- _DIRECTIONS_
Only the lines below from the one that contains "Product4/1 -> Divide/1" through the one that contains "Band-Limited White Noise1 : simulink/Sources/Band-Limited" should appear in your answer, exact and without pictures.

- _TASK INPUT_
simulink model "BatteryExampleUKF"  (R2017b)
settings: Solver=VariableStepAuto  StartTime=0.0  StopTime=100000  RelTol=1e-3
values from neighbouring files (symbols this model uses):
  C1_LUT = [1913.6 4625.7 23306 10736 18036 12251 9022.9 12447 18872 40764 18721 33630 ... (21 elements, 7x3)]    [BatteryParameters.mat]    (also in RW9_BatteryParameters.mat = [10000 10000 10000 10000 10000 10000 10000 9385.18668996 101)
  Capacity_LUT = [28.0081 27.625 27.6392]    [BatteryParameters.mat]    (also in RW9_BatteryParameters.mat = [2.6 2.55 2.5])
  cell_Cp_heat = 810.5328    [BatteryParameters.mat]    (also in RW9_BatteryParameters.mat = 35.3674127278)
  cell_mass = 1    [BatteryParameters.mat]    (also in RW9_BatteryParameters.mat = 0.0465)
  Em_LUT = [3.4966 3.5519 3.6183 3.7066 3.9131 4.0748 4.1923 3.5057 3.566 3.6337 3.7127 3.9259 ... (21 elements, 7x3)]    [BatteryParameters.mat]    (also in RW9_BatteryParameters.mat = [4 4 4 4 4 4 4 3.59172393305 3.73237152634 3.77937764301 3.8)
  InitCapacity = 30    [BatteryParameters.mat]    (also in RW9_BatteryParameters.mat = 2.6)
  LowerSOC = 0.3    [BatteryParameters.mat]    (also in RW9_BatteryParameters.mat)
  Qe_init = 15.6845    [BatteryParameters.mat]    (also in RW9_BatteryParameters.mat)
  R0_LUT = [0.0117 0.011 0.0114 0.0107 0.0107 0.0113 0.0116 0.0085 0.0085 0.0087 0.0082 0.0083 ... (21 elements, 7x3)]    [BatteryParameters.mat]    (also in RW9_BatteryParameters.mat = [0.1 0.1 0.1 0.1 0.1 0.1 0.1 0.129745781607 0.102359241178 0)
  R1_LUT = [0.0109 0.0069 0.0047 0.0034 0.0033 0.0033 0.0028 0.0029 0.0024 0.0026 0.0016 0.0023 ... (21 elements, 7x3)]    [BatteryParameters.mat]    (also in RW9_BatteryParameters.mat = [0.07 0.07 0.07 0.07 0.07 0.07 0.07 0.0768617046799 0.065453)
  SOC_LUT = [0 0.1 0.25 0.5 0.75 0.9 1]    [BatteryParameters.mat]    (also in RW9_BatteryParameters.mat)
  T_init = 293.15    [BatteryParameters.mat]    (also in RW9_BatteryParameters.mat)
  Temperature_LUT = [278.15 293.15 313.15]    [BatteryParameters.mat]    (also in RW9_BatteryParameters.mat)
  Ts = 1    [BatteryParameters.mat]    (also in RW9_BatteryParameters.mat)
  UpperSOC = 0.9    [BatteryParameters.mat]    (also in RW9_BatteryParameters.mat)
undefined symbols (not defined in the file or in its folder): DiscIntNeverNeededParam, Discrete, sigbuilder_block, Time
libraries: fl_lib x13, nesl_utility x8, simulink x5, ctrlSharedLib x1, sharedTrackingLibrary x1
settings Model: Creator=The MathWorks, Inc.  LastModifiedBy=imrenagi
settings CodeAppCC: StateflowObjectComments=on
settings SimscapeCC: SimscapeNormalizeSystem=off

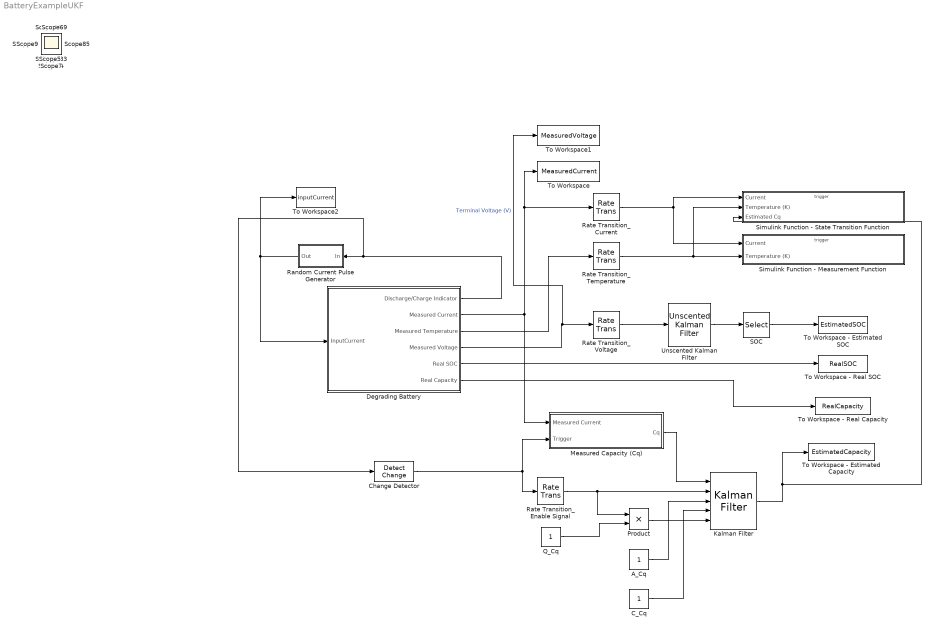
== system BatteryExampleUKF ==
  A_Cq : Constant
  C_Cq : Constant
  Change Detector : simulink/Logic and Bit Operations/Detect Change  vinit=-1  OutDataTypeStr=boolean
  Degrading Battery : Subsystem
  Kalman Filter : ctrlSharedLib/Kalman Filter  TimeDomain=Discrete-Time  UseCurrentEstimator=on  ModelSource=Input port  ModelSourceVariable=ss(0.95,1,1,0,1)  A=1  B=1  C=1  D=0  NumberOfStates=1  NumberOfInputs=1  NumberOfOutputs=1  InitialEstimateSource=Dialog  X0=2.6  P0=0.05  UseK=off  UseGH=off  NumberOfProcessNoiseInputs=1  G=1  TimeInvariantG=on  H=0  TimeInvariantH=on  Q=1  TimeInvariantQ=off  R=0.001  TimeInvariantR=on  N=0  TimeInvariantN=on  AddInputPort=off  AddEnablePort=on  OutputEstimatedY=off  OutputP=off  Ts=Ts
      settings: SourceProductBaseCode=CT
  Measured Capacity (Cq) : Subsystem
  Product : Product
  Q_Cq : Constant
  Random Current Pulse Generator : Subsystem
  Rate Transition_Current : RateTransition  OutPortSampleTime=Ts
  Rate Transition_Enable Signal : RateTransition  OutPortSampleTime=Ts
  Rate Transition_Temperature : RateTransition  InitialCondition=300  OutPortSampleTime=Ts
  Rate Transition_Voltage : RateTransition  InitialCondition=4  OutPortSampleTime=Ts
  SOC : Selector  InputPortWidth=2  IndexOptions=Index vector (dialog)  Indices=1  OutputSizes=1
  Simulink Function - Measurement Function : Subsystem  TreatAsAtomicUnit=on
  Simulink Function - State Transition Function : Subsystem  TreatAsAtomicUnit=on
  To Workspace : ToWorkspace  VariableName=MeasuredCurrent  SaveFormat=Timeseries  SampleTime=-1
  To Workspace - Estimated Capacity : ToWorkspace  VariableName=EstimatedCapacity  SaveFormat=Timeseries  SampleTime=-1
  To Workspace - Estimated SOC : ToWorkspace  VariableName=EstimatedSOC  SaveFormat=Timeseries  SampleTime=-1
  To Workspace - Real Capacity : ToWorkspace  VariableName=RealCapacity  SaveFormat=Timeseries  SampleTime=-1
  To Workspace - Real SOC : ToWorkspace  VariableName=RealSOC  SaveFormat=Timeseries  SampleTime=-1
  To Workspace1 : ToWorkspace  VariableName=MeasuredVoltage  SaveFormat=Timeseries  SampleTime=-1
  To Workspace2 : ToWorkspace  VariableName=inputCurrent  SaveFormat=Timeseries  SampleTime=-1
  Unscented Kalman Filter : sharedTrackingLibrary/Unscented Kalman Filter  StateTransitionFcn=batteryStateFcn  HasAdditiveProcessNoise=Additive  ProcessNoise=diag([2e-8, 3e-7])  HasTimeVaryingProcessNoise=off  HasStateTransitionFcnExtraArgument=0  InitialState=[1; 0]  InitialStateCovariance=diag([0.01, 1])  Alpha=1  Beta=2  Kappa=0  MeasurementFcn1=batteryMeasurementFcn  HasMeasurementEnablePort1=off  HasAdditiveMeasurementNoise1=Additive  MeasurementNoise1=1e-3  HasTimeVaryingMeasurementNoise1=off  HasMeasurementFcnExtraArgument1=0  MeasurementFcn2=myMeasurementFcn  HasMeasurementEnablePort2=off  HasAdditiveMeasurementNoise2=Additive  MeasurementNoise2=1  HasTimeVaryingMeasurementNoise2=off  HasMeasurementFcnExtraArgument2=0  MeasurementFcn3=myMeasurementFcn  HasMeasurementEnablePort3=off  HasAdditiveMeasurementNoise3=Additive  MeasurementNoise3=1  HasTimeVaryingMeasurementNoise3=off  HasMeasurementFcnExtraArgument3=0  MeasurementFcn4=myMeasurementFcn  HasMeasurementEnablePort4=off  HasAdditiveMeasurementNoise4=Additive  MeasurementNoise4=1  HasTimeVaryingMeasurementNoise4=off  HasMeasurementFcnExtraArgument4=0  MeasurementFcn5=myMeasurementFcn  HasMeasurementEnablePort5=off  HasAdditiveMeasurementNoise5=Additive  MeasurementNoise5=1  HasTimeVaryingMeasurementNoise5=off  HasMeasurementFcnExtraArgument5=0  EnableMultirate=off  StateTransitionFcnSampleTime=-1  MeasurementFcn1SampleTime=-1  MeasurementFcn2SampleTime=-1  MeasurementFcn3SampleTime=-1  MeasurementFcn4SampleTime=-1  MeasurementFcn5SampleTime=-1  UseCurrentEstimator=on  OutputStateCovariance=off  DataType=double  SampleTime=Ts  NumberOfMeasurements=1
      settings: SourceProductName=Control System Toolbox  SourceProductBaseCode=CT
  Scope{,1..11,13,17..18,20,22..35} (30 alike) : Scope
  wires:
  Degrading Battery/2(Measured Current) -> Measured Capacity (Cq)/1(Measured Current), To Workspace/1, Rate Transition_Current/1
  Rate Transition_Current/1 -> Simulink Function - Measurement Function/1(Current), Simulink Function - State Transition Function/1(Current)
  Unscented Kalman Filter/1 -> SOC/1
  Rate Transition_Voltage/1 -> Unscented Kalman Filter/1
  Rate Transition_Temperature/1 -> Simulink Function - State Transition Function/2(Temperature (K)), Simulink Function - Measurement Function/2(Temperature (K))
  Degrading Battery/1(Discharge/Charge Indicator) -> Change Detector/1, Random Current Pulse Generator/1(In)
  Random Current Pulse Generator/1(Out) -> To Workspace2/1, Degrading Battery/1(InputCurrent)
  SOC/1 -> To Workspace - Estimated SOC/1
  Degrading Battery/5(Real SOC) -> To Workspace - Real SOC/1
  Measured Capacity (Cq)/1(Cq) -> Kalman Filter/1
  Change Detector/1 -> Measured Capacity (Cq)/2(Trigger), Rate Transition_Enable Signal/1
  Kalman Filter/1 -> To Workspace - Estimated Capacity/1, Simulink Function - State Transition Function/3(Estimated Cq)
  Rate Transition_Enable Signal/1 -> Product/1, Kalman Filter/2
  Degrading Battery/3(Measured Temperature) -> Rate Transition_Temperature/1
  Degrading Battery/4(Measured Voltage) -> To Workspace1/1, Rate Transition_Voltage/1  "Terminal Voltage (V)"
  Product/1 -> Kalman Filter/5
  Q_Cq/1 -> Product/2
  A_Cq/1 -> Kalman Filter/3
  C_Cq/1 -> Kalman Filter/4
  Degrading Battery/6(Real Capacity) -> To Workspace - Real Capacity/1

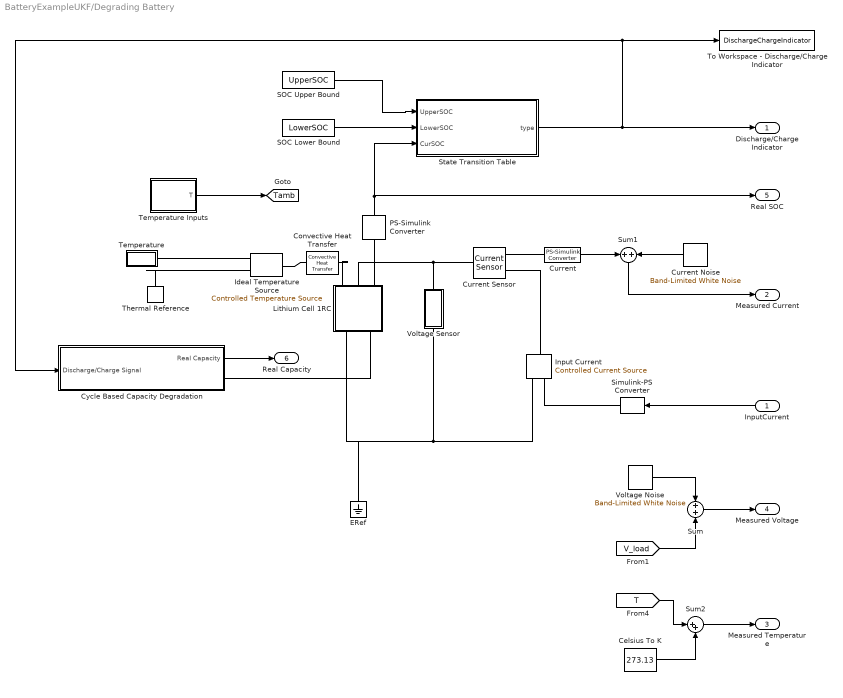
== system BatteryExampleUKF/Degrading Battery ==
  InputCurrent : Inport
  Celsius To K : Constant  Value=273.13
  Convective Heat Transfer : fl_lib/Thermal/Thermal Elements/Convective Heat Transfer  area=cell_area m^2  heat_tr_coeff=h_conv W/(m^2 * K)  T_specify=off  T_priority=High  T=0 K  T_nominal_specify=off  T_nominal_unit=K  T_nominal_value=1  Q_specify=off  Q_priority=High  Q=0 J/s  Q_nominal_specify=off  Q_nominal_unit=J/s  Q_nominal_value=1
  Current : nesl_utility/PS-Simulink Converter  PhysicalDomain=network_engine_domain  SubClassName=ps_output  LeftPortType=input  RightPortType=output  PseudoPeriodic=off  Frequencies=[]  Unit=1  AffineConversion=off
  Current Noise : simulink/Sources/Band-Limited White Noise  Cov=2.5e-2  Ts=Ts  seed=[1234]
  Current Sensor : fl_lib/Electrical/Electrical Sensors/Current Sensor
  Cycle Based Capacity Degradation : Subsystem
  ERef : fl_lib/Electrical/Electrical Elements/Electrical Reference
  Ideal Temperature Source : fl_lib/Thermal/Thermal Sources/Controlled Temperature Source
      settings: SourceProductName=Simscape
  Input Current : fl_lib/Electrical/Electrical Sources/Controlled Current Source
  Lithium Cell 1RC : Subsystem  Tag=PublishSubsystemCustomStyle  mask(Lithium cell (one RC-branch equivalent circuit)){Qe_init=Qe_init, T_init=T_init, Capacity_LUT=Capacity_LUT, Em_LUT=Em_LUT, R0_LUT=R0_LUT, R1_LUT=R1_LUT, C1_LUT=C1_LUT, cell_mass=cell_mass, cell_Cp_heat=cell_Cp_heat, SOC_LUT=SOC_LUT, Temperature_LUT=Temperature_LUT}
      mask prompts: Qe_init "Initial charge deficit (A*hr)"; T_init "Initial cell temperature (K)"; Capacity_LUT "Capacity (A*hr, 1xN table)"; Em_LUT "Em open-circuit voltage (volts, MxN table)"; R0_LUT "R0 terminal resistance (ohms, MxN table)"; R1_LUT "R1 resistance (ohms, MxN table)"; C1_LUT "C1 capacitance (farads, MxN table)"; cell_mass "Cell mass (kg)"; cell_Cp_heat "Cell specific heat (J/kg/K)"; SOC_LUT "SOC table breakpoints (Mx1 array)"; Temperature_LUT "Temperature table breakpoints (K, 1xN array)"
      mask DialogControl ParameterTabVar0 Prompt: Initial Conditions
      mask DialogControl ParameterTabVar01 Prompt: Electrical
      mask DialogControl ParameterTabVar012 Prompt: Thermal
      mask DialogControl ParameterTabVar0123 Prompt: Table Breakpoints
      mask Display:
      | % Battery icon
      | plot([0 0],[-1.5 -0.4])
      | plot([0 0 0.8 0.8],[0.2 0.9 0.9 1.5])
      | patch([-1 1 1 -1]*0.4,[1 1 -1 -1]*0.15-0.5,[0;0;0]);
      | patch([-1 1 1 -1]*0.9,[1 1 -1 -1]*0.15+0.1,[0;0;0]);
      | 
      | % Thermal port
      | plot([-1.2,-1.2],[0.5,0.9])
      | plot([-0.4,-0.4],[0.5,0.9])
      | plot([-0.8,-0.8],[0.9,1.5])
      | plot(0.35*cos(0:2*pi/50:2*pi)-0.8,0.15*sin(0:2*pi/50:2*pi)+0.85)
      | plot(0.35*cos(pi:2*pi/50:2*pi)-0.8,0.15*sin(pi:2*pi/50:2*pi)+0.55)
      | 
      | % Plot points to set plot range
      | color('white');plot(1.5,1.5);plot(-1.5,-1.5)
      | 
      | color('red')
      | port_label('LConn',1,'H')
      | port_label('LConn',2,'+')
      | port_label('RConn',1,'-')
  PS-Simulink Converter : nesl_utility/PS-Simulink Converter  PhysicalDomain=network_engine_domain  SubClassName=ps_output  LeftPortType=input  RightPortType=output  PseudoPeriodic=off  Frequencies=[]  Unit=1  AffineConversion=off
  SOC Lower Bound : Constant  Value=LowerSOC
  SOC Upper Bound : Constant  Value=UpperSOC
  Simulink-PS Converter : nesl_utility/Simulink-PS Converter  PhysicalDomain=network_engine_domain  SubClassName=ps_input  LeftPortType=input  RightPortType=output  PseudoPeriodic=off  Frequencies=[]  NoiseDistribution=none  NoiseParameters=[]  Unit=A  AffineConversion=off  FilteringAndDerivatives=zero  SimscapeFilterOrder=1  InputFilterTimeConstant=.001  UdotUserProvided=1
  State Transition Table : State Transition Table  TreatAsAtomicUnit=on
  Sum : Sum
  Sum1 : Sum
  Sum2 : Sum  Inputs=|++
  Temperature : Subsystem
      mask Display: disp('Tamb')
  Temperature Inputs : Subsystem
  Thermal Reference : fl_lib/Thermal/Thermal Elements/Thermal Reference
  To Workspace - Discharge/Charge Indicator : ToWorkspace  VariableName=DischargeChargeIndicator  SaveFormat=Timeseries  SampleTime=-1
  Voltage Sensor : Subsystem
      mask Display: disp('V_load')
  Voltage Noise : simulink/Sources/Band-Limited White Noise  Cov=1.5e-3  Ts=Ts  seed=[1234]
  Discharge/Charge Indicator : Outport
  Measured Current : Outport  Port=2
  Measured Temperature : Outport  Port=3
  Measured Voltage : Outport  Port=4
  Real SOC : Outport  Port=5
  Real Capacity : Outport  Port=6
  tag scope: Tamb=global
  wires:
  SOC Lower Bound/1 -> State Transition Table/2(LowerSOC)
  SOC Upper Bound/1 -> State Transition Table/1(UpperSOC)
  PS-Simulink Converter/1 -> State Transition Table/3(CurSOC), Real SOC/1
  Temperature Inputs/1(T) -> [Tamb]
  State Transition Table/1(type) -> To Workspace - Discharge/Charge Indicator/1, Cycle Based Capacity Degradation/1(Discharge/Charge Signal), Discharge/Charge Indicator/1
  [V_load] -> Sum/2
  Sum/1 -> Measured Voltage/1
  InputCurrent/1 -> Simulink-PS Converter/1
  Sum1/1 -> Measured Current/1
  Current/1 -> Sum1/1
  Current Noise/1 -> Sum1/2
  Celsius To K/1 -> Sum2/2
  Sum2/1 -> Measured Temperature/1
  [T] -> Sum2/1
  Cycle Based Capacity Degradation/1(Real Capacity) -> Real Capacity/1
  Voltage Noise/1 -> Sum/1
  connections:
  Lithium Cell 1RC/LConn1 -- Convective Heat Transfer/RConn1
  Current Sensor/RConn2 -- Input Current/LConn1
  Voltage Sensor/RConn1 -- Input Current/RConn2 -- ERef/LConn1 -- Lithium Cell 1RC/RConn1
  Lithium Cell 1RC/LConn3 -- PS-Simulink Converter/LConn1
  Current Sensor/LConn1 -- Lithium Cell 1RC/LConn2 -- Voltage Sensor/LConn1
  Current/LConn1 -- Current Sensor/RConn1
  Ideal Temperature Source/RConn1 -- Temperature/LConn1
  Ideal Temperature Source/RConn2 -- Thermal Reference/LConn1
  Simulink-PS Converter/RConn1 -- Input Current/RConn1
  Cycle Based Capacity Degradation/RConn1 -- Lithium Cell 1RC/RConn2
  Ideal Temperature Source/LConn1 -- Convective Heat Transfer/LConn1

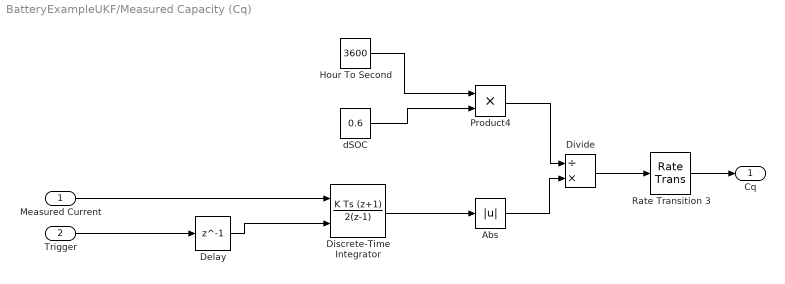
== system BatteryExampleUKF/Measured Capacity (Cq) ==
  Measured Current : Inport
  Trigger : Inport  Port=2
  Abs : Abs
  Delay : Delay  DelayLength=1  InitialCondition=0
  Discrete-Time Integrator : DiscreteIntegrator  IntegratorMethod=Integration: Trapezoidal  ExternalReset=rising  InitialConditionSetting=State (most efficient)  SampleTime=-1  ICPrevOutput=DiscIntNeverNeededParam  ICPrevScaledInput=DiscIntNeverNeededParam
  Divide : Product  Inputs=/*
  Hour To Second : Constant  Value=3600
  Product4 : Product
  Rate Transition 3 : RateTransition  InitialCondition=InitCapacity  OutPortSampleTime=Ts
  dSOC : Constant  Value=0.6
  Cq : Outport
  wires:
  Measured Current/1 -> Discrete-Time Integrator/1
  Abs/1 -> Divide/2
  Discrete-Time Integrator/1 -> Abs/1
  Product4/1 -> Divide/1
  Delay/1 -> Discrete-Time Integrator/2
  Hour To Second/1 -> Product4/1
  Trigger/1 -> Delay/1
  dSOC/1 -> Product4/2
  Rate Transition 3/1 -> Cq/1
  Divide/1 -> Rate Transition 3/1

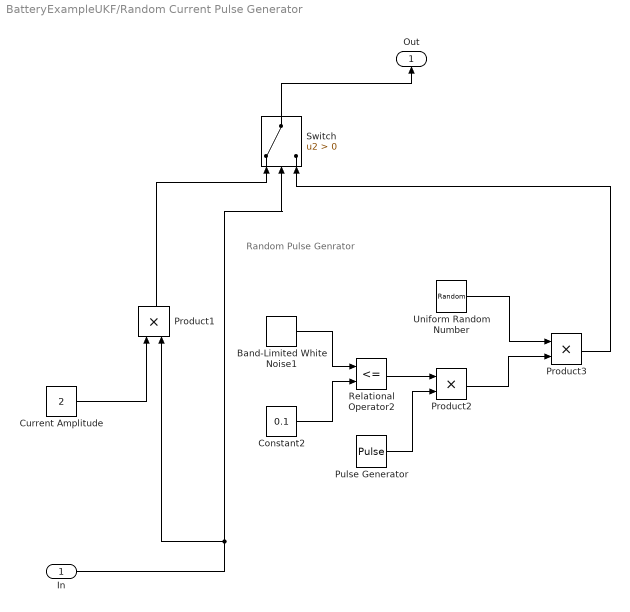
== system BatteryExampleUKF/Random Current Pulse Generator ==
  note: Random Pulse Genrator
  In : Inport
  Band-Limited White Noise1 : simulink/Sources/Band-Limited White Noise  Cov=0.1  Ts=50  seed=[23341]
  Constant2 : Constant  Value=0.1
  Current Amplitude : Constant  Value=2
  Product1 : Product
  Product2 : Product
  Product3 : Product
  Pulse Generator : DiscretePulseGenerator  PulseType=Time based  Amplitude=-1  Period=1000  PulseWidth=90
  Relational Operator2 : RelationalOperator  Operator=<=  OutDataTypeStr=boolean  RndMeth=Simplest
  Switch : Switch  Criteria=u2 > Threshold
  Uniform Random Number : UniformRandomNumber  Minimum=0.7  Maximum=1.5  SampleTime=100
  Out : Outport
  wires:
  In/1 -> Product1/2, Switch/2
  Constant2/1 -> Relational Operator2/2
  Band-Limited White Noise1/1 -> Relational Operator2/1
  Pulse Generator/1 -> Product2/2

- _OUTPUT FOR THIS TASK_
  Product4/1 -> Divide/1
  Delay/1 -> Discrete-Time Integrator/2
  Hour To Second/1 -> Product4/1
  Trigger/1 -> Delay/1
  dSOC/1 -> Product4/2
  Rate Transition 3/1 -> Cq/1
  Divide/1 -> Rate Transition 3/1

== system BatteryExampleUKF/Random Current Pulse Generator ==
  note: Random Pulse Genrator
  In : Inport
  Band-Limited White Noise1 : simulink/Sources/Band-Limited White Noise  Cov=0.1  Ts=50  seed=[23341]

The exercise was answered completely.